= What to do =
Find where "alike) : Sum" appears in the records below, then return that line and every later line exactly, stopping only at the last line.

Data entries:
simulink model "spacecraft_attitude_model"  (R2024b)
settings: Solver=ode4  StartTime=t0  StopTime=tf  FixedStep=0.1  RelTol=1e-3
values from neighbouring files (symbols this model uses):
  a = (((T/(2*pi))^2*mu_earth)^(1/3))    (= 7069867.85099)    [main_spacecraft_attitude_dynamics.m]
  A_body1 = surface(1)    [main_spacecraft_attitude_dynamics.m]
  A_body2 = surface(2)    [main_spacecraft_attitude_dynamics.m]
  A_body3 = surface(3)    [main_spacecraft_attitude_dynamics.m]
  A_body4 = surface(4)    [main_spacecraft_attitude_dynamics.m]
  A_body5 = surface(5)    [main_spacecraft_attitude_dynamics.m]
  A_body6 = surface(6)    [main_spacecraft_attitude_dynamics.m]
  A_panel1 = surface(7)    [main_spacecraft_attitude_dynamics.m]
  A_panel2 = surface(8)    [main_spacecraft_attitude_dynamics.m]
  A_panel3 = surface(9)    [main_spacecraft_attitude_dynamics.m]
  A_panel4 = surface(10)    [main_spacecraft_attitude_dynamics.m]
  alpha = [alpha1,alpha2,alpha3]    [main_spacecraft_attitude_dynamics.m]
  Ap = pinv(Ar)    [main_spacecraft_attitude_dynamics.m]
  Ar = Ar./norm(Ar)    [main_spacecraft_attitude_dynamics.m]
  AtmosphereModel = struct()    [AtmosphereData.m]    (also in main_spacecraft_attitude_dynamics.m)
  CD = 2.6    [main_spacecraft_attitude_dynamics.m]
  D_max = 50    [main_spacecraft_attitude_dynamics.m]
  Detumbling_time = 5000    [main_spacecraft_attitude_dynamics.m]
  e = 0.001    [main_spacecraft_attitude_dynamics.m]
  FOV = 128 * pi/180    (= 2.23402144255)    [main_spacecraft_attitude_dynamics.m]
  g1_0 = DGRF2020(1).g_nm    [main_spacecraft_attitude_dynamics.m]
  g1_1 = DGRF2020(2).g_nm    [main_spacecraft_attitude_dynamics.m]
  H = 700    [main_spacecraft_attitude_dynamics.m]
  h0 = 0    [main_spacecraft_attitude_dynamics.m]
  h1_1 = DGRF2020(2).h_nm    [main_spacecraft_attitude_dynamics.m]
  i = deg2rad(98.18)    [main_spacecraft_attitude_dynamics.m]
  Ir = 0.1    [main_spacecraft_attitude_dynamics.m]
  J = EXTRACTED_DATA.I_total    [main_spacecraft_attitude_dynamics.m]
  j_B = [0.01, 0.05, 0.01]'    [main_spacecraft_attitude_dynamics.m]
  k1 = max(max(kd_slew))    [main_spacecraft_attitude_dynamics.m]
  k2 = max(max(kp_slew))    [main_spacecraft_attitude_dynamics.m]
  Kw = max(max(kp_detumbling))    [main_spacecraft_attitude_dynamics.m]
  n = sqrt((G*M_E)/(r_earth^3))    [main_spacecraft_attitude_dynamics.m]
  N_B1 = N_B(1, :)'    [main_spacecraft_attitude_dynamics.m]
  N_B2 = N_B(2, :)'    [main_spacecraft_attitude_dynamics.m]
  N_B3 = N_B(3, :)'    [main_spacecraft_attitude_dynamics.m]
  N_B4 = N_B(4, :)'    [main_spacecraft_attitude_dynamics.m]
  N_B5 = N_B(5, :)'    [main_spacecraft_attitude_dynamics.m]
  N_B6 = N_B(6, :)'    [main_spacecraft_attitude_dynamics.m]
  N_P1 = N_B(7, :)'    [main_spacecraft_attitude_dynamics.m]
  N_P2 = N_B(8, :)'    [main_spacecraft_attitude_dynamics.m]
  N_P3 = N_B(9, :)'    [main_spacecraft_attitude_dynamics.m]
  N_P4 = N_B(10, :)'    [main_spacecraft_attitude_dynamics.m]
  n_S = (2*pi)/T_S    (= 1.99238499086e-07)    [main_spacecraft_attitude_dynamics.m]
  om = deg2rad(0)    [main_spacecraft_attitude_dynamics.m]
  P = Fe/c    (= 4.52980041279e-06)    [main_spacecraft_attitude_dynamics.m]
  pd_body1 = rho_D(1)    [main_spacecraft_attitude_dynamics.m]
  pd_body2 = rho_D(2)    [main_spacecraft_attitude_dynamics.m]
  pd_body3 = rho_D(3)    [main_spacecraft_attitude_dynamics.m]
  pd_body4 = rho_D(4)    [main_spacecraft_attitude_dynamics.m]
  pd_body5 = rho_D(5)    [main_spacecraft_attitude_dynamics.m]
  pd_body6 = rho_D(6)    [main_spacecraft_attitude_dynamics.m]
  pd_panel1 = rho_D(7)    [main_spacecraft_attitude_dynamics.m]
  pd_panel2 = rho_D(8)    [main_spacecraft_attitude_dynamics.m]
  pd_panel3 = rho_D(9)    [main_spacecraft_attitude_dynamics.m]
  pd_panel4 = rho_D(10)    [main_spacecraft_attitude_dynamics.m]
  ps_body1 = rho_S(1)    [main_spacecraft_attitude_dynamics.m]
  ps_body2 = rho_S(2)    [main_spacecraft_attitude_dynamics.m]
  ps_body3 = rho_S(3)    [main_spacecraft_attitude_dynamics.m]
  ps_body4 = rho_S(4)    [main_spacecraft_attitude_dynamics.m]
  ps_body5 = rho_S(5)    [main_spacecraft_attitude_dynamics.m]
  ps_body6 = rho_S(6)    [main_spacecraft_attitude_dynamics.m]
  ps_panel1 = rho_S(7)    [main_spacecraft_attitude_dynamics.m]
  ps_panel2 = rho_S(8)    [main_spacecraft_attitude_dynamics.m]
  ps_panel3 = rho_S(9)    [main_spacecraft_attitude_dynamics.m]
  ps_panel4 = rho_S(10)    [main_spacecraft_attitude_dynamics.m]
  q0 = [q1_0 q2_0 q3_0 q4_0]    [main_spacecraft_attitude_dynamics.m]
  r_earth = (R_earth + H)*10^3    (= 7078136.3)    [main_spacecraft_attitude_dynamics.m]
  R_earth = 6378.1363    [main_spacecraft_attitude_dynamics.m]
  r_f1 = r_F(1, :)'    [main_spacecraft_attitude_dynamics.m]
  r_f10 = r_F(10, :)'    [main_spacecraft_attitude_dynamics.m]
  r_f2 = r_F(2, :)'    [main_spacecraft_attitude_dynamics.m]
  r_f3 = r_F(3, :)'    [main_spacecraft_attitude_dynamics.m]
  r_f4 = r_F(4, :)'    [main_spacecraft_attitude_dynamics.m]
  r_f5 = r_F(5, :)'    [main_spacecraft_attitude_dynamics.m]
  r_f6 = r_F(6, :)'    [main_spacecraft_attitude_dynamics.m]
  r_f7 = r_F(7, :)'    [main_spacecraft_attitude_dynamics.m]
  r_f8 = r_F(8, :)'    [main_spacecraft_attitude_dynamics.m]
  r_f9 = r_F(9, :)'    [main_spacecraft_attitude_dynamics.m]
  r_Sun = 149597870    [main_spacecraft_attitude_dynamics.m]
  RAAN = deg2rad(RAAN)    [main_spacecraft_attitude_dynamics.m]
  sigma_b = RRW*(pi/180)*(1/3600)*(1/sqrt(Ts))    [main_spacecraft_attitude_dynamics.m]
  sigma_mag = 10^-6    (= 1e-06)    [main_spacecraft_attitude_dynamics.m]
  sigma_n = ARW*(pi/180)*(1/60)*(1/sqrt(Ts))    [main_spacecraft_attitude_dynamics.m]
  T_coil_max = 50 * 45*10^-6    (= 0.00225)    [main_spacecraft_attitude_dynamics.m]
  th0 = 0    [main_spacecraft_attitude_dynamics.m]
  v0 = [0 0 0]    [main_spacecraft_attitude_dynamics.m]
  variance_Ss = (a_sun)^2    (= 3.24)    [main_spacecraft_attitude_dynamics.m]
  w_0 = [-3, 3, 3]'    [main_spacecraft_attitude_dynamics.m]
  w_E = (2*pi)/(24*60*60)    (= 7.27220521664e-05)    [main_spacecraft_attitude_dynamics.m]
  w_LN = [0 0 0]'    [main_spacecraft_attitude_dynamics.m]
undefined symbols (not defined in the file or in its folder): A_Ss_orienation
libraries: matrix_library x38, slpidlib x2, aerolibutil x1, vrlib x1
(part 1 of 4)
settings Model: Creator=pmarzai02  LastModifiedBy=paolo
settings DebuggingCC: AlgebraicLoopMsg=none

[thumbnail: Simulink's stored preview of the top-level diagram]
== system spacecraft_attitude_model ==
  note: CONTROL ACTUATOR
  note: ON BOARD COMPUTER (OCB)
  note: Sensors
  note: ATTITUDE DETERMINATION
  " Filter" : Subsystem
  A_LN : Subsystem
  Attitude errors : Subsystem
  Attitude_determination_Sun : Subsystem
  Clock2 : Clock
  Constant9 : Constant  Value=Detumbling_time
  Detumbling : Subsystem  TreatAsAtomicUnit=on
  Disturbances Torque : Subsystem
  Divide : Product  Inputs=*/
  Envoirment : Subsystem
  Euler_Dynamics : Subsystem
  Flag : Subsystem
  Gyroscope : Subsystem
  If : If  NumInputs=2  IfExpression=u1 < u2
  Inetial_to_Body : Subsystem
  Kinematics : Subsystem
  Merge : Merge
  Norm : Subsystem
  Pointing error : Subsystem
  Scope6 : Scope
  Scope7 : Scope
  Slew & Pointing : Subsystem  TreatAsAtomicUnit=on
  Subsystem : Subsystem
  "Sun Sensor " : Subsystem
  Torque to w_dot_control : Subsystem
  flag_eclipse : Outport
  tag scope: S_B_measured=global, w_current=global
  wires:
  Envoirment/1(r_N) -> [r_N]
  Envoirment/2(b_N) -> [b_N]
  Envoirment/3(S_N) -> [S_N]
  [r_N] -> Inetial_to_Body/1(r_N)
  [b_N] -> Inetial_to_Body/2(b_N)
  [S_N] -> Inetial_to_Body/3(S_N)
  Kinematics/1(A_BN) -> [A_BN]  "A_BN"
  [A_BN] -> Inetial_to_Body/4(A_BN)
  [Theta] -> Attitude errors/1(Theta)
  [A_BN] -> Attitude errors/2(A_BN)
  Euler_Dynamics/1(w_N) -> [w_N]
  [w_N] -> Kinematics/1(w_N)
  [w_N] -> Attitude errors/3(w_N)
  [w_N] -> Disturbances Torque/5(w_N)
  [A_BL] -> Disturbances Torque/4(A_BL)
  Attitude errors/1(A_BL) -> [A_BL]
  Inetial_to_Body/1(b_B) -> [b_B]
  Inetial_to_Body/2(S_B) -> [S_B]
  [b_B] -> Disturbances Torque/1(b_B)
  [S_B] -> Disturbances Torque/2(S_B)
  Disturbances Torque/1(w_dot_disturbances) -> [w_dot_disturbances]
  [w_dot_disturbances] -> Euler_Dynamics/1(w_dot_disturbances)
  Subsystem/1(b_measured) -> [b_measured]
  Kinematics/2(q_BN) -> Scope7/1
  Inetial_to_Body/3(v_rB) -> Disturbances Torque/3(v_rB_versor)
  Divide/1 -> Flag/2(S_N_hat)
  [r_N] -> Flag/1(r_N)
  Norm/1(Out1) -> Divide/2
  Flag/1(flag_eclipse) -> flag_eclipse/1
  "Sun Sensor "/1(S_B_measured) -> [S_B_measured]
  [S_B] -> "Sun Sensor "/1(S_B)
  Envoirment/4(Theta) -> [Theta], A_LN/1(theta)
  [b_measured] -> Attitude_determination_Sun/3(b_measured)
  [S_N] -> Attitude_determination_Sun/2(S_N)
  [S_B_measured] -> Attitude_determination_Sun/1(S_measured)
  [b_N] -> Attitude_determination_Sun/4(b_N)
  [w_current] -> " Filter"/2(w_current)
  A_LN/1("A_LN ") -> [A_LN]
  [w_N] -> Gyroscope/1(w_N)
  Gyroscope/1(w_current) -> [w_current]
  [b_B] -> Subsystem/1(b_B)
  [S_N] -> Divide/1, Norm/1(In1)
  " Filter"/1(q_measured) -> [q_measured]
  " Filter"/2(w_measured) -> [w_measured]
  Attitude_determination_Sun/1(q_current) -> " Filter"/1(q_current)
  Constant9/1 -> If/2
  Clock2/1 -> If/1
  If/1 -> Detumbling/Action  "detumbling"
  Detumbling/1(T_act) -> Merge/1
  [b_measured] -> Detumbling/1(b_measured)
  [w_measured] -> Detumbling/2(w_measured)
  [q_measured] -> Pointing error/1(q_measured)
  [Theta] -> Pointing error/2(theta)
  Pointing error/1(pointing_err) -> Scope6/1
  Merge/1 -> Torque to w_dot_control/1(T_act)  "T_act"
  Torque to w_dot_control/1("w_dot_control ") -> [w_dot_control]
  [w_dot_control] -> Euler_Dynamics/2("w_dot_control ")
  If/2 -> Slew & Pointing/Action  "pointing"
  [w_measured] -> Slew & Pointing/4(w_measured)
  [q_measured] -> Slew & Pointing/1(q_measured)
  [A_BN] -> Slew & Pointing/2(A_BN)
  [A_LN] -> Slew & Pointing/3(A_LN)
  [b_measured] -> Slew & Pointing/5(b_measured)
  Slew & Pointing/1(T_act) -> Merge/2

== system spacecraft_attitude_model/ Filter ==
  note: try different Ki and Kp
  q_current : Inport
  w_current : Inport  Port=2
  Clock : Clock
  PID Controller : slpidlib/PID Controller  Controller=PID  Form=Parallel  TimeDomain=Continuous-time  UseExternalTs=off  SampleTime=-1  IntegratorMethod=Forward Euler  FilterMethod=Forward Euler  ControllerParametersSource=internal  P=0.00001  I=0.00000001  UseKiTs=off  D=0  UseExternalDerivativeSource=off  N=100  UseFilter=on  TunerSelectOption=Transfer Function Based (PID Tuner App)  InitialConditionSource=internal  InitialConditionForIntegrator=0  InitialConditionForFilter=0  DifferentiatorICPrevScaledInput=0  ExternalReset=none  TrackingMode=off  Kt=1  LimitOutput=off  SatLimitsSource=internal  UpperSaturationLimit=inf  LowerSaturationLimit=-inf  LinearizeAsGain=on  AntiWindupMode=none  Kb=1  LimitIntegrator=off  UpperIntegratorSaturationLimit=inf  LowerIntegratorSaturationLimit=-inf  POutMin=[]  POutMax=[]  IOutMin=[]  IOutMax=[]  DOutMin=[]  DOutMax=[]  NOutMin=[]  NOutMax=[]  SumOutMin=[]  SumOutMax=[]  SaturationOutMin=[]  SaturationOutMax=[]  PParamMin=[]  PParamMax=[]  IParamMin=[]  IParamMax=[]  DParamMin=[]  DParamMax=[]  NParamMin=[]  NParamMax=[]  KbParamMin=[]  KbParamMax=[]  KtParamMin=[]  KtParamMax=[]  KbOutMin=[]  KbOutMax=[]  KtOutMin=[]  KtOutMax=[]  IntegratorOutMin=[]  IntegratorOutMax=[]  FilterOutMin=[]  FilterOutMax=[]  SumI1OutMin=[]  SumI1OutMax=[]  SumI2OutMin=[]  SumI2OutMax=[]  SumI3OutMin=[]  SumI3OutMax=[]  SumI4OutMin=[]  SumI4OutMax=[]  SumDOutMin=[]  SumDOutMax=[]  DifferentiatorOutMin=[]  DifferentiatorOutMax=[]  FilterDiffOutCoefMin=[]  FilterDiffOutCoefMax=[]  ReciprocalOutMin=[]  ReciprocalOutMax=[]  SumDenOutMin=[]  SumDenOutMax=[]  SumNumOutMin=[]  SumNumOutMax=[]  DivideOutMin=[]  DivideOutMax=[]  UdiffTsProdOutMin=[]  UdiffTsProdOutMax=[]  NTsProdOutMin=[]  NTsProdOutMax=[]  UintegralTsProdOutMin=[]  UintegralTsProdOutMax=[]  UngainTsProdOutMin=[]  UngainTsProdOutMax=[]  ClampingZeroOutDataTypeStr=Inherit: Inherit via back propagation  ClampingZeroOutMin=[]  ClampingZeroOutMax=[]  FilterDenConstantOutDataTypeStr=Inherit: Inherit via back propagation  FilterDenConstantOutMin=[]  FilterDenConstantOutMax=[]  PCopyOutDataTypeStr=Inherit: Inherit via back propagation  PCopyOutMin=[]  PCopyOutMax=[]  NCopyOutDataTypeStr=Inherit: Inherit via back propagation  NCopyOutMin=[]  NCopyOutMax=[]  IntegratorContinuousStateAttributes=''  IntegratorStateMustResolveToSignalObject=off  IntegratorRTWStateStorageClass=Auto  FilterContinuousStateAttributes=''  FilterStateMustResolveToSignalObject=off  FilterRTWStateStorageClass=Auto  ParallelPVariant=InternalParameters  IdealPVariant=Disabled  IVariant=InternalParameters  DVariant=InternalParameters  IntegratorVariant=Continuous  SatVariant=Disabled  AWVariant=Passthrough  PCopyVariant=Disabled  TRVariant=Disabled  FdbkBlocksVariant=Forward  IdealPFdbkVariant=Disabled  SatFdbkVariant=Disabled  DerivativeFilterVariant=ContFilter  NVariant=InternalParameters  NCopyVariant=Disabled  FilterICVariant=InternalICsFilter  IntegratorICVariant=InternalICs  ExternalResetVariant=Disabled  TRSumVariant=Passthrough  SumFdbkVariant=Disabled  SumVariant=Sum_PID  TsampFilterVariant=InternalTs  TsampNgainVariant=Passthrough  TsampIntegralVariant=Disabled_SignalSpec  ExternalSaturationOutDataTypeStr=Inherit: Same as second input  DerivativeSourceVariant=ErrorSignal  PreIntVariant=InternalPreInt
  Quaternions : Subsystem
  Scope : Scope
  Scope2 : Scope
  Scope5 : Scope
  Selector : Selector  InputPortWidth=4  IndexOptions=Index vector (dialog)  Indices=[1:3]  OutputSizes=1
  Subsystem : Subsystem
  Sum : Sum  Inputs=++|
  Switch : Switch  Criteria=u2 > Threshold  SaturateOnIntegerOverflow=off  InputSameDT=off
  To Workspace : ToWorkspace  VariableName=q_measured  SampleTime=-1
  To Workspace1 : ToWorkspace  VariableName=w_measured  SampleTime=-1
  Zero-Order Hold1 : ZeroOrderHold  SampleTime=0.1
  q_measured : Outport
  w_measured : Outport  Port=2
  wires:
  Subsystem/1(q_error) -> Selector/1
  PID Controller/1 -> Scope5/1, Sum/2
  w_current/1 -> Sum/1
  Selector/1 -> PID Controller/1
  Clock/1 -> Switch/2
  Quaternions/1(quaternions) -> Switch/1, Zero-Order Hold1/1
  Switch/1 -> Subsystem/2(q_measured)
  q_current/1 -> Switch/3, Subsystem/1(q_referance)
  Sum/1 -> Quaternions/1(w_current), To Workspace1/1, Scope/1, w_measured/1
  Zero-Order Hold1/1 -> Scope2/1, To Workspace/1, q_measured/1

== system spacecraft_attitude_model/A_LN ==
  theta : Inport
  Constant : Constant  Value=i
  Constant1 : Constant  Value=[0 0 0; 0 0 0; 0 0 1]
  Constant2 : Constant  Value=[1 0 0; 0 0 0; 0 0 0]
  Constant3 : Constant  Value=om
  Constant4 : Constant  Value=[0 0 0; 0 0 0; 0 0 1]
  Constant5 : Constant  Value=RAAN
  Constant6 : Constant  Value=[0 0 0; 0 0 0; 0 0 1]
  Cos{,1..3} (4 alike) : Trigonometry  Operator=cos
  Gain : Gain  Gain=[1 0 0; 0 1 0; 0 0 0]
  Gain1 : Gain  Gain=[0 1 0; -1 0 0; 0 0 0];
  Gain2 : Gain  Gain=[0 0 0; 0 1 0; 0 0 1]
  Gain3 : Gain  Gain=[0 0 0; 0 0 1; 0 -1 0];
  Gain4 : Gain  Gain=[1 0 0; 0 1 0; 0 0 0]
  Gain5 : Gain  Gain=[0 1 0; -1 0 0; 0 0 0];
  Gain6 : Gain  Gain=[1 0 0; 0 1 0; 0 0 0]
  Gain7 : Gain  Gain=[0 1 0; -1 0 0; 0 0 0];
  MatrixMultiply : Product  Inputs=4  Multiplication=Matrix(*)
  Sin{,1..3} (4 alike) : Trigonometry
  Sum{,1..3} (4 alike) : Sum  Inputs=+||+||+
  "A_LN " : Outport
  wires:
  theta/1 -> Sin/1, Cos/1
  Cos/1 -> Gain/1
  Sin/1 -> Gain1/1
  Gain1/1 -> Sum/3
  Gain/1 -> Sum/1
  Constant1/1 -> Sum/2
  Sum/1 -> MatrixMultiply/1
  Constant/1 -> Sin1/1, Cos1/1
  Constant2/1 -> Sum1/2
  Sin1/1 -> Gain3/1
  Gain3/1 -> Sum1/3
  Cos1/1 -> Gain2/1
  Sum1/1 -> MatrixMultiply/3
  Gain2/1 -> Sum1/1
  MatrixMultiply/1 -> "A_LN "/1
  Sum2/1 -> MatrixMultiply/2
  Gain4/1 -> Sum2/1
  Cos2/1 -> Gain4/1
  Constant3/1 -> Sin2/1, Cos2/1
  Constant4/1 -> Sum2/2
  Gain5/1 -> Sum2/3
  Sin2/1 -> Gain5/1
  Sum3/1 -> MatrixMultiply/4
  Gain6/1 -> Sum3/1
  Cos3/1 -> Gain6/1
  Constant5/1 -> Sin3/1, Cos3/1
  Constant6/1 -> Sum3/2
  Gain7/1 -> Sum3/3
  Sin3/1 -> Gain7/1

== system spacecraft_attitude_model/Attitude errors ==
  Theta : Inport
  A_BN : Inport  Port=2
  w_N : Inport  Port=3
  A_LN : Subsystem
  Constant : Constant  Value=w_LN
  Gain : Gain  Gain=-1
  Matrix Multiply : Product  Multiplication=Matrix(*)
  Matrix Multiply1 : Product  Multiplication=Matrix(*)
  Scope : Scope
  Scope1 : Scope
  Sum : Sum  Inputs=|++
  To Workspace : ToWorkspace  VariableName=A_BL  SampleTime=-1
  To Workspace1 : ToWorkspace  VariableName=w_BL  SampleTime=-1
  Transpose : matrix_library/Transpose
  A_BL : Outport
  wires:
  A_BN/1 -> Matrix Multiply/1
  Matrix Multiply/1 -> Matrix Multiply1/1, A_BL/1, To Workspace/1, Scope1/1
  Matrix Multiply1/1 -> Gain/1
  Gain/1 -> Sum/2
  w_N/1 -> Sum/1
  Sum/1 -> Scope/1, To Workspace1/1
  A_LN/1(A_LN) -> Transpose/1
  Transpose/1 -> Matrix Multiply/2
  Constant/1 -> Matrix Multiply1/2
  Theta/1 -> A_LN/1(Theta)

= Reply =
  Sum{,1..3} (4 alike) : Sum  Inputs=+||+||+
  "A_LN " : Outport
  wires:
  theta/1 -> Sin/1, Cos/1
  Cos/1 -> Gain/1
  Sin/1 -> Gain1/1
  Gain1/1 -> Sum/3
  Gain/1 -> Sum/1
  Constant1/1 -> Sum/2
  Sum/1 -> MatrixMultiply/1
  Constant/1 -> Sin1/1, Cos1/1
  Constant2/1 -> Sum1/2
  Sin1/1 -> Gain3/1
  Gain3/1 -> Sum1/3
  Cos1/1 -> Gain2/1
  Sum1/1 -> MatrixMultiply/3
  Gain2/1 -> Sum1/1
  MatrixMultiply/1 -> "A_LN "/1
  Sum2/1 -> MatrixMultiply/2
  Gain4/1 -> Sum2/1
  Cos2/1 -> Gain4/1
  Constant3/1 -> Sin2/1, Cos2/1
  Constant4/1 -> Sum2/2
  Gain5/1 -> Sum2/3
  Sin2/1 -> Gain5/1
  Sum3/1 -> MatrixMultiply/4
  Gain6/1 -> Sum3/1
  Cos3/1 -> Gain6/1
  Constant5/1 -> Sin3/1, Cos3/1
  Constant6/1 -> Sum3/2
  Gain7/1 -> Sum3/3
  Sin3/1 -> Gain7/1

== system spacecraft_attitude_model/Attitude errors ==
  Theta : Inport
  A_BN : Inport  Port=2
  w_N : Inport  Port=3
  A_LN : Subsystem
  Constant : Constant  Value=w_LN
  Gain : Gain  Gain=-1
  Matrix Multiply : Product  Multiplication=Matrix(*)
  Matrix Multiply1 : Product  Multiplication=Matrix(*)
  Scope : Scope
  Scope1 : Scope
  Sum : Sum  Inputs=|++
  To Workspace : ToWorkspace  VariableName=A_BL  SampleTime=-1
  To Workspace1 : ToWorkspace  VariableName=w_BL  SampleTime=-1
  Transpose : matrix_library/Transpose
  A_BL : Outport
  wires:
  A_BN/1 -> Matrix Multiply/1
  Matrix Multiply/1 -> Matrix Multiply1/1, A_BL/1, To Workspace/1, Scope1/1
  Matrix Multiply1/1 -> Gain/1
  Gain/1 -> Sum/2
  w_N/1 -> Sum/1
  Sum/1 -> Scope/1, To Workspace1/1
  A_LN/1(A_LN) -> Transpose/1
  Transpose/1 -> Matrix Multiply/2
  Constant/1 -> Matrix Multiply1/2
  Theta/1 -> A_LN/1(Theta)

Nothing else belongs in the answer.